Flexibility, affordability, and accessibility
Bridging finance has the capacity to effectively reverse almost every complication associated with sourcing traditional high-street loans. Typically secured against the applicant’s property, bridging loans can be offered at a monthly rate of interest of less than 0.5%.
When repaid over the course of months rather than years, bridging finance can potentially be more cost-effective than a traditional mortgage or secured loan.
The speed and simplicity of bridging finance are likely to appeal to those looking to beat the looming stamp duty suspension deadline, potentially fuelling another major spike in activity.
It is highly likely that we will start to see even more people using bridging loans to buy the properties they want quickly and take advantage of the stamp duty holiday.
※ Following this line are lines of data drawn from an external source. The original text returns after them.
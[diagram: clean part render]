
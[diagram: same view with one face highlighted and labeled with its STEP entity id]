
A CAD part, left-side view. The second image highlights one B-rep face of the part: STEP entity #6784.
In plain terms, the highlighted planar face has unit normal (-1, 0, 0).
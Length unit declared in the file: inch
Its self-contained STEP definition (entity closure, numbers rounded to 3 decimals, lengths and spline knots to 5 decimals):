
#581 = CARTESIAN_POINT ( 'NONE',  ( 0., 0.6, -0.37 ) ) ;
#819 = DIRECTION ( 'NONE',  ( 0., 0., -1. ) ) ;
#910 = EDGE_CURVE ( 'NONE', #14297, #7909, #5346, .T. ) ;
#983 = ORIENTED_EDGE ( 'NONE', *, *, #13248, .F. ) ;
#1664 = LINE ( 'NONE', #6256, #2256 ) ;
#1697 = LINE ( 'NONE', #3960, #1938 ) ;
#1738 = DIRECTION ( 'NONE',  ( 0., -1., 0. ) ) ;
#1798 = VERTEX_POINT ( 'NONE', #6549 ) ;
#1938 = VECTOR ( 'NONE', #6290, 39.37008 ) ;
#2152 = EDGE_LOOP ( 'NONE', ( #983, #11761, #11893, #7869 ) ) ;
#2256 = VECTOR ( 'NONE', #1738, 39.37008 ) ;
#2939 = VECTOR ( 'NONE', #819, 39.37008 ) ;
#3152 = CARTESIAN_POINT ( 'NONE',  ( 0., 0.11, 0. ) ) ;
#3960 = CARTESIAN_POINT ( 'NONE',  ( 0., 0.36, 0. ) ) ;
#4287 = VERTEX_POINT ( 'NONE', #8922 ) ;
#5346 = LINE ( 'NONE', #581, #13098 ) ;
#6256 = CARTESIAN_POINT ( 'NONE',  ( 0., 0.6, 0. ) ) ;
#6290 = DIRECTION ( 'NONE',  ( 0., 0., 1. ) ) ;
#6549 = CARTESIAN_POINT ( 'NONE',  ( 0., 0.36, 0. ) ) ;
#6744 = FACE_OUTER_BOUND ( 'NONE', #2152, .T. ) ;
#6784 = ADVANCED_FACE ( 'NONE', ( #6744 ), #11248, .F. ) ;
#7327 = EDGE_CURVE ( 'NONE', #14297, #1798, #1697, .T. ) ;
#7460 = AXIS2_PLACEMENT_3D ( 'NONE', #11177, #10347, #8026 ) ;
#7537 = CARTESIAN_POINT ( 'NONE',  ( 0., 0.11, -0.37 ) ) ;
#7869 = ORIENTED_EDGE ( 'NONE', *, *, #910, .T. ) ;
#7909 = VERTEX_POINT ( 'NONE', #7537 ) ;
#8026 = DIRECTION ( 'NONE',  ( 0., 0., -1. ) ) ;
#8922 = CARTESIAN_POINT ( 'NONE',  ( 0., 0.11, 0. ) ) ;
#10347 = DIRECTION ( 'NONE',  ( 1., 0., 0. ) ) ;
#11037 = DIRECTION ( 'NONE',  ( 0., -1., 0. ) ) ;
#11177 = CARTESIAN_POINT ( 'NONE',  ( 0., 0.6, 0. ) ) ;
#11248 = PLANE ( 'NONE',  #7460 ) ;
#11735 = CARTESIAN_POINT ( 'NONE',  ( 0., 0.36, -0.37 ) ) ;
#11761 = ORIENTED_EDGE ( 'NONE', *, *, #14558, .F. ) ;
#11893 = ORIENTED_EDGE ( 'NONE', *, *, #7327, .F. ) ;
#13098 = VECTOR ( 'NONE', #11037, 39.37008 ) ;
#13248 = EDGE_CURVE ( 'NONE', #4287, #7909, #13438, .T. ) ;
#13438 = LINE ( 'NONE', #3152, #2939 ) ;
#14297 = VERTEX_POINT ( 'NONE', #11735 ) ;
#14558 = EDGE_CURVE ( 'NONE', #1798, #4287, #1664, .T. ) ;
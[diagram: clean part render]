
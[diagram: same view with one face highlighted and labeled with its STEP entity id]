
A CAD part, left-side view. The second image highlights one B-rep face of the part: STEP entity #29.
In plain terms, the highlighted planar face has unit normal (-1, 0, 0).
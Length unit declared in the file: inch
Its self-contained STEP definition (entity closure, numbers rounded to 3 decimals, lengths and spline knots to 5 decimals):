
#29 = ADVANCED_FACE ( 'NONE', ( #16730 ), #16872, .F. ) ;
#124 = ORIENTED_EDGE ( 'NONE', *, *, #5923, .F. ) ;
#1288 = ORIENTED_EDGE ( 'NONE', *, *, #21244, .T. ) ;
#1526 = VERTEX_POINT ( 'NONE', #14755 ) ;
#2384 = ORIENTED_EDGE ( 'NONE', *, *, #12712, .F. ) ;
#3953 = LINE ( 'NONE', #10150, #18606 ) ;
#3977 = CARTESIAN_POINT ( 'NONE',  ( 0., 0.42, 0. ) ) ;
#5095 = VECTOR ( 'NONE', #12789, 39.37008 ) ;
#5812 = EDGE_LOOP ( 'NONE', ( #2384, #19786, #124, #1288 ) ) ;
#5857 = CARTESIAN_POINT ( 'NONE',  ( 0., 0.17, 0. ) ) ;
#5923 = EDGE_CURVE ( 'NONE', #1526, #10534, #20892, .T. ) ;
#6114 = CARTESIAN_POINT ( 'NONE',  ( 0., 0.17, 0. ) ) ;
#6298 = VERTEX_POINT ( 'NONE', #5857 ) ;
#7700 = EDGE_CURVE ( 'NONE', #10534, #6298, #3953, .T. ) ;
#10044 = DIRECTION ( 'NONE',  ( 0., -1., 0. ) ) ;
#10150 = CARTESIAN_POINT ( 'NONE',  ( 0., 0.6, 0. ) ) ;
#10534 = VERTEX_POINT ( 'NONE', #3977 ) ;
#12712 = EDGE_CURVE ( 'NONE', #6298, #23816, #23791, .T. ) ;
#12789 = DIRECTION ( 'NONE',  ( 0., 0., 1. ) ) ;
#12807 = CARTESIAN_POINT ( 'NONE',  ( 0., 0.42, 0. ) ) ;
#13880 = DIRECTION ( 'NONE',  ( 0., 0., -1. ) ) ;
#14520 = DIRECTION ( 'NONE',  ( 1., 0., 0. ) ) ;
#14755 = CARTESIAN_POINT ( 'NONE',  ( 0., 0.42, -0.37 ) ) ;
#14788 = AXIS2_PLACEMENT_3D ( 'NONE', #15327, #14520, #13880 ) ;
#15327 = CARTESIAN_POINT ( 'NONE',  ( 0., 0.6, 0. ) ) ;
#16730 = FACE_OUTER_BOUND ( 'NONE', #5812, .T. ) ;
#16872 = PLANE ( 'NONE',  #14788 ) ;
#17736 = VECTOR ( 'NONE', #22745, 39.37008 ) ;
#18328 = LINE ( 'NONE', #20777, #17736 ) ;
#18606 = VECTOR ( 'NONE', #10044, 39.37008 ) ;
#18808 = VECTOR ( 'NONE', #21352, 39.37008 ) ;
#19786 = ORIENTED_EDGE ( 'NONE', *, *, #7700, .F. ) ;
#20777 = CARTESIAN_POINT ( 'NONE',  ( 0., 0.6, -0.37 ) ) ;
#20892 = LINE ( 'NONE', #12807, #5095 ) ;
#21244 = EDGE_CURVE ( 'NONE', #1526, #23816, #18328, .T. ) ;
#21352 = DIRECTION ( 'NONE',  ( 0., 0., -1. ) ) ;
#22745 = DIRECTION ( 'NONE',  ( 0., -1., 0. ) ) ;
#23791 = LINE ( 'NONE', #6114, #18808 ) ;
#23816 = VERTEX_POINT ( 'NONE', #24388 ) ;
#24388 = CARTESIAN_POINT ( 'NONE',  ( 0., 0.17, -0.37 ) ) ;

This demand will increase while mainstream lenders are unable to meet the needs of borrowers in the timeframes they require, particularly for higher-value properties where the savings could be up to £15,000.
Other industry watchers have noted a significant increase in the number of applicants using bridging finance to secure properties, subsequently switching to longer-term mortgages to repay the balance more gradually.
However, emphasis was placed once again on the importance of factoring all borrowing costs into the equation when arranging bridging finance.
Often, bridging loans come with an arrangement fee of up to 2%, which on a £500,000 loan would be £10,000 of the £15,000 stamp duty savings.
There would also be survey and legal costs to arrange the bridge, which are in addition to the costs that would be needed for the loan term.